Autoregressive models are a special case of flows: continuous conditionals correspond to sequential shift-and-scale transforms

A continuous autoregressive model with Gaussian conditionals can be represented as a flow by treating independent standard normals z_i as base noise and mapping them sequentially with shift-and-scale transforms whose parameters depend on previous outputs.

Key equivalences:

  • Sampling the autoregressive model (z -> x) corresponds to shifting and scaling z_i using means and variances predicted from earlier x values, matching the functional form of coupling or affine transforms.
  • From the likelihood perspective, inverting the mapping (x -> z) can be done in parallel because all conditionals’ parameters are computable from the observed x.
  • Thus autoregressive models inherit the flow property and the same triangular Jacobian structure for tractable determinant computation.

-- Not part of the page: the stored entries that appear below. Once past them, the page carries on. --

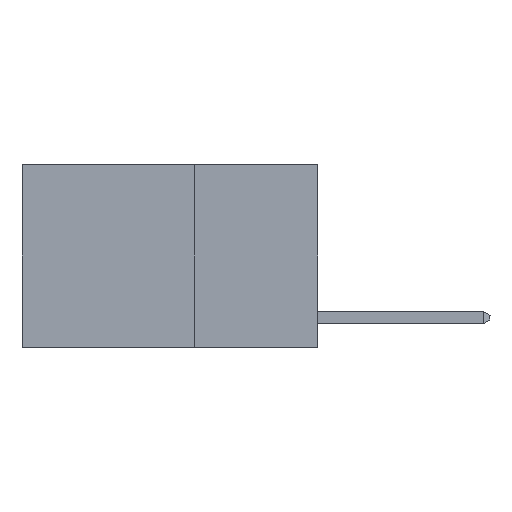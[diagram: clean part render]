
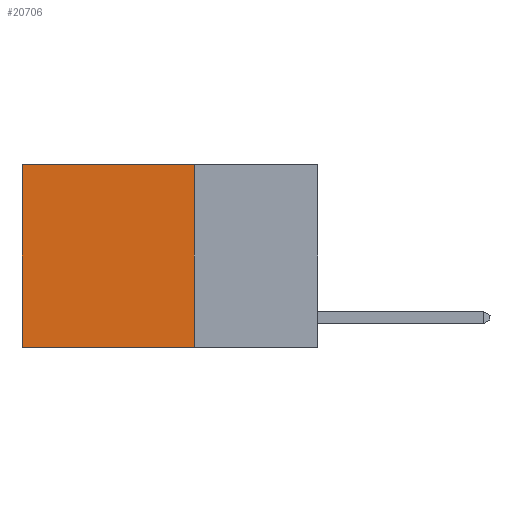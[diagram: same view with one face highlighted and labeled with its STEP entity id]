
A CAD part, left-side view. The second image highlights one B-rep face of the part: STEP entity #20706.
In plain terms, the highlighted planar face has unit normal (-1, 0, 0).
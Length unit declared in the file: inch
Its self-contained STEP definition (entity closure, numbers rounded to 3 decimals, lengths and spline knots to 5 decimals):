
#323 = EDGE_LOOP ( 'NONE', ( #4936, #16621, #24927, #21734 ) ) ;
#2474 = CARTESIAN_POINT ( 'NONE',  ( 0.2625, 0.25, 0. ) ) ;
#2828 = DIRECTION ( 'NONE',  ( 0., 0., -1. ) ) ;
#2862 = DIRECTION ( 'NONE',  ( 0., 0., -1. ) ) ;
#2913 = CARTESIAN_POINT ( 'NONE',  ( 0.2625, 0.25, 0. ) ) ;
#4714 = DIRECTION ( 'NONE',  ( 0., 1., 0. ) ) ;
#4936 = ORIENTED_EDGE ( 'NONE', *, *, #26406, .T. ) ;
#5628 = VECTOR ( 'NONE', #7064, 39.37008 ) ;
#6073 = VERTEX_POINT ( 'NONE', #24490 ) ;
#6107 = CARTESIAN_POINT ( 'NONE',  ( 0.2625, 0.25, 0. ) ) ;
#6729 = LINE ( 'NONE', #13023, #23590 ) ;
#7064 = DIRECTION ( 'NONE',  ( 0., 0., -1. ) ) ;
#7568 = VECTOR ( 'NONE', #13921, 39.37008 ) ;
#8050 = EDGE_CURVE ( 'NONE', #25345, #9772, #25943, .T. ) ;
#9772 = VERTEX_POINT ( 'NONE', #17830 ) ;
#9850 = LINE ( 'NONE', #11395, #7568 ) ;
#11334 = AXIS2_PLACEMENT_3D ( 'NONE', #24085, #25003, #2862 ) ;
#11395 = CARTESIAN_POINT ( 'NONE',  ( 0.2625, 0.25, -0.37 ) ) ;
#12514 = VECTOR ( 'NONE', #4714, 39.37008 ) ;
#13023 = CARTESIAN_POINT ( 'NONE',  ( 0.2625, 0.6, 0. ) ) ;
#13921 = DIRECTION ( 'NONE',  ( 0., 1., 0. ) ) ;
#16621 = ORIENTED_EDGE ( 'NONE', *, *, #26998, .F. ) ;
#17669 = VERTEX_POINT ( 'NONE', #26795 ) ;
#17807 = PLANE ( 'NONE',  #11334 ) ;
#17830 = CARTESIAN_POINT ( 'NONE',  ( 0.2625, 0.6, 0. ) ) ;
#19756 = LINE ( 'NONE', #2474, #5628 ) ;
#20706 = ADVANCED_FACE ( 'NONE', ( #27104 ), #17807, .F. ) ;
#21734 = ORIENTED_EDGE ( 'NONE', *, *, #8050, .T. ) ;
#23590 = VECTOR ( 'NONE', #2828, 39.37008 ) ;
#23689 = EDGE_CURVE ( 'NONE', #25345, #17669, #19756, .T. ) ;
#24085 = CARTESIAN_POINT ( 'NONE',  ( 0.2625, 0.25, 0. ) ) ;
#24490 = CARTESIAN_POINT ( 'NONE',  ( 0.2625, 0.6, -0.37 ) ) ;
#24927 = ORIENTED_EDGE ( 'NONE', *, *, #23689, .F. ) ;
#25003 = DIRECTION ( 'NONE',  ( 1., 0., 0. ) ) ;
#25345 = VERTEX_POINT ( 'NONE', #6107 ) ;
#25943 = LINE ( 'NONE', #2913, #12514 ) ;
#26406 = EDGE_CURVE ( 'NONE', #9772, #6073, #6729, .T. ) ;
#26795 = CARTESIAN_POINT ( 'NONE',  ( 0.2625, 0.25, -0.37 ) ) ;
#26998 = EDGE_CURVE ( 'NONE', #17669, #6073, #9850, .T. ) ;
#27104 = FACE_OUTER_BOUND ( 'NONE', #323, .T. ) ;

Inverse autoregressive flows (IAF) trade off fast sampling for expensive inversion, enabling single-shot generation

By swapping roles of x and z in an autoregressive flow one obtains an inverse autoregressive flow (IAF) where the forward direction z->x is parallel and hence allows single-step sampling of the entire output.

Trade-offs:

  • Benefit: fast generation (parallel sampling).
  • Cost: inversion (x->z) becomes sequential because each inversion step requires previously recovered latents, making likelihood evaluation expensive at training time.

Conversely, masked autoregressive flows (MAF) are the opposite: efficient likelihoods, slow sampling. The two families are duals under variable relabeling and their trade-offs guide use cases.


Teacher-student distillation leverages flows to obtain fast samplers from autoregressive teachers (Parallel WaveNet example)

A practical pipeline distills a high-quality autoregressive teacher trained by maximum likelihood into a fast-sampling student IAF by minimizing KL(student || teacher).

Typical distillation steps:

  1. Train a high-quality autoregressive teacher (maximum-likelihood).
  2. Train a student IAF to minimize KL(student   teacher), which requires:
    • Sampling from the student, and
    • Evaluating teacher likelihoods of those samples.
  3. The student must be easy to sample from and able to evaluate its own sample densities efficiently (true for invertible student models when student latent codes are known).

This distillation yields fast generation models that approximate teacher behavior (e.g., used in Parallel WaveNet for speech generation).


Flows operate on continuous densities; masked convolutional/invertible convolutions extend flow design to images

Normalizing flows apply to continuous probability densities and are not directly applicable to discrete data such as token sequences because the change-of-variables formula requires a continuous domain.

For image modeling:

  • Flow layers can be implemented with masked or specially constrained convolutions so that the resulting Jacobian is triangular and invertible, enabling efficient determinant computation.
  • Masking enforces an ordering over pixels and channels similar to PixelCNN-style autoregressive masks, giving invertible convolutional primitives that preserve tractable density computation.
  • Such convolutional flow layers can be stacked to model high-dimensional image distributions while exploiting locality.

Gaussianization and CDF-based transforms provide an alternative perspective on flows by iteratively mapping data to a simple prior

Training a flow to maximize likelihood can be viewed equivalently as transforming data through the inverse mapping toward a simple prior such as a standard Gaussian.

One-dimensional intuition:

  • The probability integral transform maps a variable’s CDF to a uniform random variable, and composing with the inverse Gaussian CDF maps it to Gaussian marginals.

Practical perspective:

  • Gaussianization layers apply marginal transforms and simple rotations or couplings iteratively to make the joint distribution increasingly Gaussian.
  • This connects flows to classical statistical techniques (e.g., copulas, marginal transforms) and motivates layers that progressively “whiten” the data distribution.